La pócima de la igualdad

Las sociedades nórdicas y japonesas cuentan con recetas culturales para combatir la desigualdad que pueden ayudarnos tras la pandemia del coronavirus

9 agosto, 2020 00:10

Un problema de salud pública. Es lo que tiene ahora el planeta con una pandemia que afecta, en mayor o menor grado, a la mayoría de Estados. Pero es también la mejor aproximación para resolver cuestiones que atañen a la desigualdad económica y social. Porque, ¿es la salud pública una cuestión política? De forma contundente, hay autores que no dudan en realizar esa identificación. Desde la construcción del alcantarillado y las leyes de aire limpio a batallas sobre las emisiones contaminantes de los tubos de escape. Todo ello se debe identificar como una apuesta por la política. Y es lo que proponen Richard Wilkinson y Kate Pickett en su obra Igualdad, cómo las sociedades más igualitarias mejoran el bienestar colectivo (Capitán Swing), que continúan sus trabajos ya apuntados en una obra anterior, Desigualdad, publicada en 2009.

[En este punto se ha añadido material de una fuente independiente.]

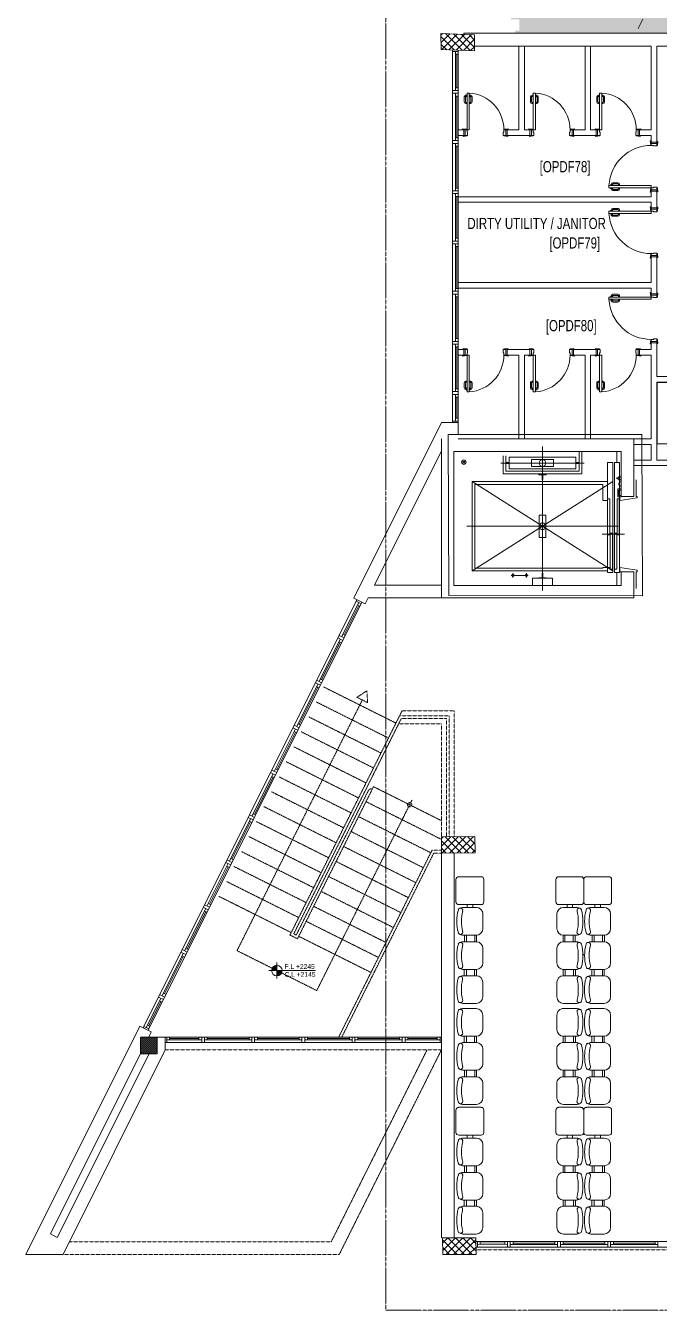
# Model space of a CAD drawing. Header units: millimetres. Extents: x -2143172 to 5255, y -610845 to 279739.
# Drawn here: x -1278641 to -1267271, y -33765 to -10728 of the extents above; entities that cross this region are included whole.
import ezdxf

# ---------------------------------------------------------------- set-up
doc = ezdxf.new("R2010")
doc.units = ezdxf.units.MM
doc.header["$LTSCALE"] = 30
for name, pattern in [('CENTERX2', [101.6, 63.5, -12.7, 12.7, -12.7]), ('DASHED2', [9.525, 6.35, -3.175]), ('HIDDEN', [9.525, 6.35, -3.175]), ('HIDDEN2', [0.1875, 0.125, -0.0625])]:
    doc.linetypes.add(name, pattern=pattern)
doc.layers.get('0').update_dxf_attribs({"lineweight": 5})
for name, color, linetype, lineweight in [('72_EGR_BASE_TEXT', 7, 'Continuous', 5), ('Aluminum', 7, 'Continuous', 5), ('Axis', 163, 'CENTERX2', 5), ('C-HYDR-CTCH', 6, 'Continuous', 5), ('Cabin', 7, 'Continuous', 5), ('Dims', 6, 'Continuous', 5), ('Hatch', 252, 'Continuous', 5), ('LOADING', 163, 'Continuous', 5), ('Medical Equipment and Furniture1', 163, 'Continuous', 5), ('Notes', 1, 'Continuous', 5), ('Proj', 7, 'HIDDEN2', 5), ('Structure', 20, 'Continuous', 5), ('Tech', 169, 'DASHED2', 5), ('Walls', 32, 'Continuous', 5)]:
    doc.layers.add(name, color=color, linetype=linetype, lineweight=lineweight)
doc.layers.add('Wooden Joinery', color=7, linetype='Continuous', lineweight=5, true_color=0x521300)
doc.styles.get("Standard").update_dxf_attribs({"font": ''})
doc.styles.add('X3G_ENTITY_9EC9', font='swisscl.ttf', dxfattribs={"height": 0.2})
doc.styles.add('X3G_ENTITY_9F38', font='swisscl.ttf', dxfattribs={"height": 0.2})
doc.styles.get('Standard').set_extended_font_data('@Arial Unicode MS')

# ---------------------------------------------------------------- blocks, each defined once
blk = doc.blocks.new('A$C72370EFE')
at = {"layer": 'Wooden Joinery'}
for p, q in [((-0.05, -0.07), (-0.05, -0.16)), ((-0.03, -0.07), (-0.03, -0.16)), ((-0.01, -0.04), (-0.02, -0.04)), ((-0.01, -0.06), (-0.02, -0.06)), ((-0.01, -0.17), (-0.02, -0.17)), ((-0.01, -0.19), (-0.02, -0.19)), ((-0.01, -0.03), (-0.01, -0.07)), ((0, -0.03), (-0.01, -0.03)), ((0, -0.07), (-0.01, -0.07)), ((-0.01, -0.17), (-0.01, -0.19)), ((0.04, -0.03), (0.05, -0.03)), ((0.04, -0.07), (0.05, -0.07)), ((0.05, -0.03), (0.05, -0.07)), ((0.05, -0.04), (0.06, -0.04)), ((0.05, -0.06), (0.06, -0.06)), ((0.05, -0.17), (0.06, -0.17)), ((0.05, -0.17), (0.05, -0.19)), ((0.05, -0.19), (0.06, -0.19)), ((0.07, -0.07), (0.07, -0.16)), ((0.09, -0.07), (0.09, -0.16))]:
    blk.add_line(p, q, dxfattribs=at)
for centre, radius, start, end in [((-0.02, -0.07), 0.03, 90, 180), ((-0.02, -0.16), 0.03, 180, 270), ((-0.02, -0.07), 0.01, 90, 180), ((-0.02, -0.16), 0.01, 180, 270), ((0.06, -0.07), 0.03, 0, 90), ((0.06, -0.07), 0.01, 0, 90), ((0.06, -0.16), 0.01, 270, 0), ((0.06, -0.16), 0.03, 270, 0)]:
    blk.add_arc(centre, radius, start, end, dxfattribs=at)
blk = doc.blocks.new('A$C268A7CF0')
at = {"layer": 'Wooden Joinery'}
for points in [[(80, 759), (80, 769), (10, 779), (10, 759)], [(740, 759), (740, 769), (810, 779), (810, 759)], [(70, 659), (70, 649), (0, 639), (0, 659)], [(120, 659), (120, 0), (80, 0), (80, 659)], [(750, 659), (750, 649), (820, 639), (820, 659)]]:
    blk.add_lwpolyline(points, close=True, dxfattribs=at)
for points in [[(45, 659), (45, 759), (20, 759), (20, 659), (45, 659)], [(45, 659), (80, 659), (80, 699), (90, 699), (90, 759), (45, 759), (45, 659)], [(775, 659), (740, 659), (740, 699), (730, 699), (730, 759), (775, 759), (775, 659)], [(775, 659), (775, 759), (800, 759), (800, 659), (775, 659)]]:
    blk.add_lwpolyline(points, dxfattribs=at)
blk.add_arc((80, 659), 660, 273.4748, 0, dxfattribs=at)
at = {"layer": 'Wooden Joinery', "xscale": 999.9999999998854, "yscale": 999.9999999998854, "zscale": 999.9999999998854, "rotation": 180}
blk.add_blockref('A$C72370EFE', (120, 0), dxfattribs=at)
blk = doc.blocks.new('A$C5FCA3E6B')
at = {"layer": 'Wooden Joinery'}
for points in [[(70, 759), (70, 749), (0, 739), (0, 759)], [(80, 859), (80, 869), (10, 879), (10, 859)], [(120, 759), (120, 0), (80, 0), (80, 759)], [(840, 859), (840, 869), (910, 879), (910, 859)], [(850, 759), (850, 749), (920, 739), (920, 759)]]:
    blk.add_lwpolyline(points, close=True, dxfattribs=at)
for points in [[(45, 759), (45, 859), (20, 859), (20, 759), (45, 759)], [(45, 759), (80, 759), (80, 799), (90, 799), (90, 859), (45, 859), (45, 759)], [(875, 759), (840, 759), (840, 799), (830, 799), (830, 859), (875, 859), (875, 759)], [(875, 759), (875, 859), (900, 859), (900, 759), (875, 759)]]:
    blk.add_lwpolyline(points, dxfattribs=at)
blk.add_arc((80, 759), 760, 273.0171, 0, dxfattribs=at)
at = {"layer": 'Wooden Joinery', "xscale": 999.9999999998854, "yscale": 999.9999999998854, "zscale": 999.9999999998854, "rotation": 180}
blk.add_blockref('A$C72370EFE', (120, 0), dxfattribs=at)
blk = doc.blocks.new('T127-1_B')
at = {"layer": 'Cabin'}
for p, q in [((44.5, 8), (44.5, 4)), ((44.5, 4), (78, 4)), ((78, 4), (82, 63.5)), ((44.5, -8), (44.5, -4)), ((44.5, -4), (78, -4)), ((78, -4), (82, -63.5))]:
    blk.add_line(p, q, dxfattribs=at)
at = {"layer": 'Cabin', "ltscale": 5}
for points in [[(44.5, 8), (0, 8), (0, -8), (44.5, -8)], [(82, 63.5), (89, 63.5), (89, -63.5), (82, -63.5)]]:
    blk.add_lwpolyline(points, dxfattribs=at)
blk = doc.blocks.new('T127-1_B__1680')
at = {"layer": 'Axis'}
blk.add_line((-990, 0), (990, 0), dxfattribs=at)
at = {"layer": 'Notes', "xscale": -1}
blk.add_blockref('T127-1_B', (-840, 0), dxfattribs=at)
at = {"layer": 'Notes'}
blk.add_blockref('T127-1_B', (840, 0), dxfattribs=at)
blk = doc.blocks.new('JIS5K')
at = {"layer": 'Cabin'}
for p, q in [((60.2, 8), (60.2, 11.2)), ((60.2, -8), (60.2, -11.2))]:
    blk.add_line(p, q, dxfattribs=at)
at = {"layer": 'Cabin', "ltscale": 5}
for points in [[(57, 11.2), (0, 11.2), (0, -11.2), (57, -11.2)], [(60.2, 8), (3.2, 8), (3.2, -8), (60.2, -8)], [(57, 11.2), (57, 43.5), (60.2, 43.5), (60.2, 11.2)], [(57, -11.2), (57, -43.5), (60.2, -43.5), (60.2, -11.2)]]:
    blk.add_lwpolyline(points, dxfattribs=at)
blk = doc.blocks.new('JIS5K__1200')
at = {"layer": 'Axis'}
blk.add_line((-750, 0), (750, 0), dxfattribs=at)
at = {"layer": 'Notes', "xscale": -1}
blk.add_blockref('JIS5K', (-600, 0), dxfattribs=at)
at = {"layer": 'Notes'}
blk.add_blockref('JIS5K', (600, 0), dxfattribs=at)
blk = doc.blocks.new('对重支撑1')
at = {"layer": 'Cabin'}
blk.add_lwpolyline([(1060, 178), (929, 178), (929, -178), (1060, -178)], close=True, dxfattribs=at).dxf.unprotected_set("ltscale", 0)
blk = doc.blocks.new('井道平面图轿厢1轿厢地坎')
at = {"layer": 'Axis', "ltscale": 0.864}
blk.add_lwpolyline([(0, 96), (0, -192)], dxfattribs=at)
at = {"layer": 'Cabin', "ltscale": 5}
for points in [[(690, 0), (690, -96), (-1285, -96), (-1285, 0)], [(15, -3), (15, -46), (-630, -46), (-630, -3)], [(630, -50), (630, -93), (-15, -93), (-15, -50)]]:
    blk.add_lwpolyline(points, close=True, dxfattribs=at)
at = {"layer": 'Cabin'}
for points in [[(600, 0), (600, -48)], [(600, -48), (633, -48)], [(633, -48), (633, -96)]]:
    blk.add_lwpolyline(points, dxfattribs=at)
blk = doc.blocks.new('层门地坎1')
at = {"layer": 'Axis', "ltscale": 0.81}
blk.add_lwpolyline([(0, 90), (0, -180)], dxfattribs=at)
at = {"layer": 'Cabin', "ltscale": 5}
for points in [[(690, 0), (690, -90), (-1285, -90), (-1285, 0)], [(15, -47), (15, -87), (-630, -87), (-630, -47)], [(630, -3), (630, -43), (-15, -43), (-15, -3)]]:
    blk.add_lwpolyline(points, close=True, dxfattribs=at)
blk = doc.blocks.new('A$C47696aed')
at = {"layer": 'Hatch'}
h = blk.add_hatch(dxfattribs=at)
h.set_pattern_fill('ANSI37', color=256, scale=30)
h.paths.add_polyline_path([(50953, 21918), (50349, 21910), (50353, 21621), (50957, 21629)])
h.paths.add_polyline_path([(43792, 21910), (43208, 21905), (43188, 21613), (43772, 21619)])
h.paths.add_polyline_path([(29415, 21903), (28816, 21899), (28810, 21606), (29409, 21610)])
h.paths.add_polyline_path([(36600, 21905), (35999, 21897), (35991, 21612), (36592, 21619)])
h.paths.add_polyline_path([(22196, 21912), (21589, 21890), (21604, 21598), (22210, 21619)])
h.paths.add_polyline_path([(15459, 21902), (14237, 21926), (14231, 21629), (15453, 21606)])
h.paths.add_polyline_path([(15473, 14702), (14258, 14686), (14245, 14393), (15460, 14409)])
h.paths.add_polyline_path([(15447, 7508), (14244, 7492), (14238, 7199), (15441, 7215)])
h.paths.add_polyline_path([(15466, 310), (14269, 298), (14272, 4), (15468, 15)])
h.paths.add_polyline_path([(7831, 312), (7227, 308), (7238, 23), (7841, 26)])
h.paths.add_polyline_path([(7815, 7510), (7218, 7511), (7218, 7210), (7815, 7209)])
h.paths.add_polyline_path([(7825, 14699), (7206, 14701), (7195, 14398), (7814, 14396)])
h.paths.add_polyline_path([(7802, 21879), (7201, 21893), (7197, 21604), (7798, 21589)])
h.paths.add_polyline_path([(603, 21877), (0, 21900), (2, 21611), (605, 21589)])
h.paths.add_polyline_path([(610, 7499), (8, 7492), (12, 7200), (614, 7207)])
h.paths.add_polyline_path([(628, 304), (29, 303), (34, 2), (633, 3)])
h.paths.add_polyline_path([(22215, 317), (21609, 304), (21615, 3), (22220, 16)])
h.paths.add_polyline_path([(22208, 7510), (21614, 7492), (21616, 7196), (22210, 7213)])
h.paths.add_polyline_path([(22199, 14718), (21600, 14710), (21604, 14410), (22203, 14418)])
h.paths.add_polyline_path([(29400, 14702), (28798, 14707), (28802, 14415), (29404, 14410)])
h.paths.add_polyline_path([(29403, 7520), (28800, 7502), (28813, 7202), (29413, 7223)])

Se trata de un desafío. El patólogo alemán del siglo XIX, Rudolf Virchow, lo plasmó sin titubeos: “La medicina es una ciencia social, y la política no es otra cosa que medicina a gran escala”. Wilkinson y Pickett, que recuerdan al científico alemán, asumen ese mismo principio y van a por ello con abundante material empírico. Sin embargo, no parece que esta haya sido la elección de gran parte de los dirigentes mundiales. Menos todavía en el ámbito anglosajón. La política como medicina a gran escala, para intentar paliar en lo posible los desajustes sociales e individuales, no se ha practicado o únicamente se ha abordado en un puñado de países que sí han creído en ello, como las sociedades nórdicas europeas o Japón, con una cultura particular en la que no han dejado de creer tras la Segunda Guerra Mundial

Norbert Bilbeny

El filósofo Norbert Bilbeny

¿Pero, qué es lo que está en juego? En un libro sobre su experiencia en Estados Unidos, el filósofo Norbert Bilbeny, (El somni americà, un dietari a Berkeley, 2001), se asombraba por su propia comprensión del fenómeno. Los estadounidenses habían interiorizado que si alguien acababa en una esquina pidiendo dinero, tras dormir en ese mismo emplazamiento, era porque lo había elegido, porque era su forma de vivir, con toda la plenitud de su conocimiento. Si formas parte de un escalafón social determinado, es debido a tus méritos y a tus deméritos. La política poco puede hacer en esos casos. Cada uno debe asumir sus responsabilidades. 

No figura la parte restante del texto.